Building cyber resilience: Recent airport attack underlines how unprepared many systems are
September 27, 2025
Amid reports a man has been arrested in connection with the recent cyberattack on Collins Aerospace systems, experts reveal why cyberattacks on critical aviation infrastructure are fast becoming the norm.
Man arrested in connection with Collins Aerospace cyberattack
The National Crime Agency (NCA) reported on Wednesday 24 September that a 40-year-old man had been arrested in West Sussex on suspicion of Computer Misuse Act Offences. The arrest was described “as part of an investigation into a cyber incident impacting Collins Aerospace.”
The attack targeted RTX Collins Aerospace’ MUSE system. The airport platform supports check-in, baggage processing and boarding operations. Heathrow, Brussels, Berlin Brandenburg and Dublin were widely reported as the airports most disrupted by the attack.
According to the EU’s cybersecurity agency, ransomware – which is used to disrupt systems while a ransom is demanded – was deployed in the attack, knocking systems offline and causing widespread travel disruptions.
“Although this arrest is a positive step, the investigation into this incident is in its early stages and remains ongoing,” said Paul Foster, head of the NCA’s national cyber crime unit.
Aviation increasingly under threat of a cyberattack
Commenting further on the incident, Charlotte Wilson, head of enterprise at Check Point Software said the arrest shows progress, however the disruption the attack caused is part of a much bigger picture.
“We are seeing a domino effect in aviation, with aircraft and passengers ending up in the wrong places as systems fail. Airlines are on a war footing, and cyberattacks on critical infrastructure are fast becoming the new norm.”
Wilson added that the goal with this sort of attack is disruption and financial gain. “The reality is these attacks are escalating and will not respect borders,” she said. “The only way to protect aviation is constant vigilance, layered defence and faster intelligence sharing between governments, airlines and technology providers.”
Anything less, she continued, “leaves passengers at risk and global travel exposed.”
Collins Aerospace responds to “cyber intrusion”
RTX, the parent company of Collins Aerospace said it is continuing to restore its onsite passenger processing software for airlines impacted by a cyber intrusion. The company also said it had deployed all available resources to restore electronic check-ins and baggage drop operations as soon as possible.

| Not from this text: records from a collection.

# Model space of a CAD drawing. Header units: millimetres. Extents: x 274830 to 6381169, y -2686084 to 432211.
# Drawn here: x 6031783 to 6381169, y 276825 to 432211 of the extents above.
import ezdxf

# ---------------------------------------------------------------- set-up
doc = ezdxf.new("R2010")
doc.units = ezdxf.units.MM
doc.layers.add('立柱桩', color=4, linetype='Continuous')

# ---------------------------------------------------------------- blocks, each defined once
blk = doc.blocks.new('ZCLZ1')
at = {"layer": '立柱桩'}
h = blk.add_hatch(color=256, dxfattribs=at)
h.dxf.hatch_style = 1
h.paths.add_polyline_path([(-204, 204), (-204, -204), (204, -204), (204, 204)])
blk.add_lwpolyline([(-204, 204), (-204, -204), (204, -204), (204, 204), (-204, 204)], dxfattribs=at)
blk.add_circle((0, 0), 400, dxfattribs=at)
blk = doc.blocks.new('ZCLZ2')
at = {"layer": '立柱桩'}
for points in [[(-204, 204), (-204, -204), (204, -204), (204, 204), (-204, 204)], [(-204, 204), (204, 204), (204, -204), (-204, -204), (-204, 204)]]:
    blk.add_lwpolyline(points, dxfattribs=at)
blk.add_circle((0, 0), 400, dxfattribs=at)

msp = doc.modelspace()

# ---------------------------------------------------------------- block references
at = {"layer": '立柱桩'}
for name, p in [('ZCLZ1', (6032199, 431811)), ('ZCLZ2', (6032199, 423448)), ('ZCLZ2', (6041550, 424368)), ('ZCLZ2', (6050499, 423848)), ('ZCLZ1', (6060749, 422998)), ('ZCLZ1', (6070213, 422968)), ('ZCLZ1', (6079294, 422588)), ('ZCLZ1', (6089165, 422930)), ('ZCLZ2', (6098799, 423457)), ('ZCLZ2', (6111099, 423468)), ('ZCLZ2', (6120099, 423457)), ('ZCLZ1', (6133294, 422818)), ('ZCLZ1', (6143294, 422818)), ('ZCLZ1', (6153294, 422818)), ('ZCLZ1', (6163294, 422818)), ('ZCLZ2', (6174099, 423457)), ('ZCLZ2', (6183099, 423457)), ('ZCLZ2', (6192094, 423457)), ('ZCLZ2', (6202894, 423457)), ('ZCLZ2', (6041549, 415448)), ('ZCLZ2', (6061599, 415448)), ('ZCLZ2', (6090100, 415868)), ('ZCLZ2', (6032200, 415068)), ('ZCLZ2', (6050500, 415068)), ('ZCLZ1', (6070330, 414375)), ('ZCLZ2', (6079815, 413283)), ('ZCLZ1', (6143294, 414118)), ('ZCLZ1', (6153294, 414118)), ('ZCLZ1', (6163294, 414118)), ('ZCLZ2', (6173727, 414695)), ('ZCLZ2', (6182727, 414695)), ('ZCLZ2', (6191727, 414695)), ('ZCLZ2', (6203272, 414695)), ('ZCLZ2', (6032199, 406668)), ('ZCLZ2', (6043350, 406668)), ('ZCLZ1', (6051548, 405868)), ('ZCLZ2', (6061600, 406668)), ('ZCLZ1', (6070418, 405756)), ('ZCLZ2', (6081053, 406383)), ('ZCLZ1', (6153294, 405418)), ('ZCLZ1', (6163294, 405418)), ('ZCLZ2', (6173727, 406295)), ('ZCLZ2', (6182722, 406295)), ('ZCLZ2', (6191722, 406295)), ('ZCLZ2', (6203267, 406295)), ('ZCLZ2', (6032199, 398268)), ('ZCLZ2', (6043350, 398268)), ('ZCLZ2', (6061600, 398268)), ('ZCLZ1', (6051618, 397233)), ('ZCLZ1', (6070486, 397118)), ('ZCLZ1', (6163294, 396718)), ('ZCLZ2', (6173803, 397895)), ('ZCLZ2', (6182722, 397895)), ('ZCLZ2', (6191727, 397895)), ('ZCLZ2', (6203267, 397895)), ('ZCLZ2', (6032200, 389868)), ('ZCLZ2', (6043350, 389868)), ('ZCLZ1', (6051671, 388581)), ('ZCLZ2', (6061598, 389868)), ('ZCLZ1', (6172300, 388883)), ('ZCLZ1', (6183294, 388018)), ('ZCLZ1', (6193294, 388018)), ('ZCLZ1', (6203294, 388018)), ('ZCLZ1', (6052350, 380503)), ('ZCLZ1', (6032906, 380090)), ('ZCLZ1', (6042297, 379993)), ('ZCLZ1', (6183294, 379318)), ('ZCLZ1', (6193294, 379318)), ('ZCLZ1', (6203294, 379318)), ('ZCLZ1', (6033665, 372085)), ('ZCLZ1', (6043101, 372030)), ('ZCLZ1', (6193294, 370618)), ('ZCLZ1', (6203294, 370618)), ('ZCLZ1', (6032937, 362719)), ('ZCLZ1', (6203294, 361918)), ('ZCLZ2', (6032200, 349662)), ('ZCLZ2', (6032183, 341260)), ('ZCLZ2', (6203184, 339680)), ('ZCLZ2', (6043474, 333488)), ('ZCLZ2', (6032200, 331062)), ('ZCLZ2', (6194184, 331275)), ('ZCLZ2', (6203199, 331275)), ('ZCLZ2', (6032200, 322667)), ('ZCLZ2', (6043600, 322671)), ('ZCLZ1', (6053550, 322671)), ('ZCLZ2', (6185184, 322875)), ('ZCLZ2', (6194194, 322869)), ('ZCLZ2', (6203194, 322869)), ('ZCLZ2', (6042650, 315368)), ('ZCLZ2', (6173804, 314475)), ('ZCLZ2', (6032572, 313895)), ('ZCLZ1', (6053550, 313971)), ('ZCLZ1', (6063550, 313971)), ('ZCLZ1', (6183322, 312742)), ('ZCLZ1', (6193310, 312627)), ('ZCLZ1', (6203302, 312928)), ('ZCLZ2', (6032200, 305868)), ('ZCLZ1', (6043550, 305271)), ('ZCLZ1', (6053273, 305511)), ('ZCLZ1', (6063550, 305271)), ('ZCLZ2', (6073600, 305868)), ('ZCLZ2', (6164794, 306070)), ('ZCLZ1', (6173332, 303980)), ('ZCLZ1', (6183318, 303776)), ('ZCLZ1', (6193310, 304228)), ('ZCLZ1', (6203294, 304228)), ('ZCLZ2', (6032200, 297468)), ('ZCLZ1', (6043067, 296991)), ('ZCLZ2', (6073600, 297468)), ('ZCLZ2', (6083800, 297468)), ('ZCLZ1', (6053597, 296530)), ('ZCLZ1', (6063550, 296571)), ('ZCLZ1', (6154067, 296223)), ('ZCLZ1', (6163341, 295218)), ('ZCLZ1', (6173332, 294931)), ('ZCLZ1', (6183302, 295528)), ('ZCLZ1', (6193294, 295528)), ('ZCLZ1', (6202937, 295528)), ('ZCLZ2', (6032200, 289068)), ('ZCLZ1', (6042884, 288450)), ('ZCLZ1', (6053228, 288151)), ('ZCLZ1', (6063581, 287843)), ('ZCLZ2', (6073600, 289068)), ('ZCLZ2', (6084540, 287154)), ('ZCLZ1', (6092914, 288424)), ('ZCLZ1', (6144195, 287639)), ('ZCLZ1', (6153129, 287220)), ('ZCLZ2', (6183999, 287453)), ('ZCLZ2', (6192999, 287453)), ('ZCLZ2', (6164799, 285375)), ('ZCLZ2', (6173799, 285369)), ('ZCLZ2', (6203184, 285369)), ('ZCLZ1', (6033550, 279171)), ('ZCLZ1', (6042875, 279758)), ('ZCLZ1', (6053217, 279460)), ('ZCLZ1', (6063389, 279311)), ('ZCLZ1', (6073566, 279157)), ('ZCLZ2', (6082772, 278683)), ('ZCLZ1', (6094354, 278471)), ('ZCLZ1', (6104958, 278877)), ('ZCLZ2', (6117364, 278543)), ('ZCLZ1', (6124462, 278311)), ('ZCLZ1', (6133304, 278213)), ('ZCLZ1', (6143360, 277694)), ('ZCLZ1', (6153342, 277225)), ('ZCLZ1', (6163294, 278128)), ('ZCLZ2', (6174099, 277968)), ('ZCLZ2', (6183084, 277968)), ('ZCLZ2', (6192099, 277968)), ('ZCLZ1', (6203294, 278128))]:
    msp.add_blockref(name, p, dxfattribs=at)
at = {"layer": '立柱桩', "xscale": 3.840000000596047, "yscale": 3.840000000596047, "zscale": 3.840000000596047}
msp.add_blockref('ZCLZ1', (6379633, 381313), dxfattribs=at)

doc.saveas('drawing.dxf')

“This is a complex incident, but we are working through the most efficient path forward,” RTX said in a statement on 24 September.
“Our efforts include proactive troubleshooting with airlines and testing with customer networks. As we complete security testing, we will scale deployment of a secure passenger processing system across the affected area.”
As of Thursday 25 September, Heathrow Airport said “the vast majority of flights are now operating as normal”. Brussels Airport also said there is now a “limited impact on airport operations.” However, Berlin Brandenburg said that despite flight operations resuming, “further disruptions are expected with check-in and boarding systems still largely manual.”
According to aviation analytics firm, Cirium, over the three day period from 20-22 September, a total of 123 departure flights were cancelled across Heathrow, Berlin and Brussels, while 94 arriving flights were cancelled.
What can airports and airlines do to protect their systems?
Mantas Sabeckis, a white hat hacker and infosec researcher, said the recent cyberattack should awaken every business relying on digital systems and the third-party vendors behind them.
Crucially, the attack shows how unprepared many important systems are for these kind of threats and how the vulnerabilityof supply chains can put businesses in trouble, said Sabeckis.“This also shows how the vulnerability of supply chains can put businesses in trouble,” said Sabeckis.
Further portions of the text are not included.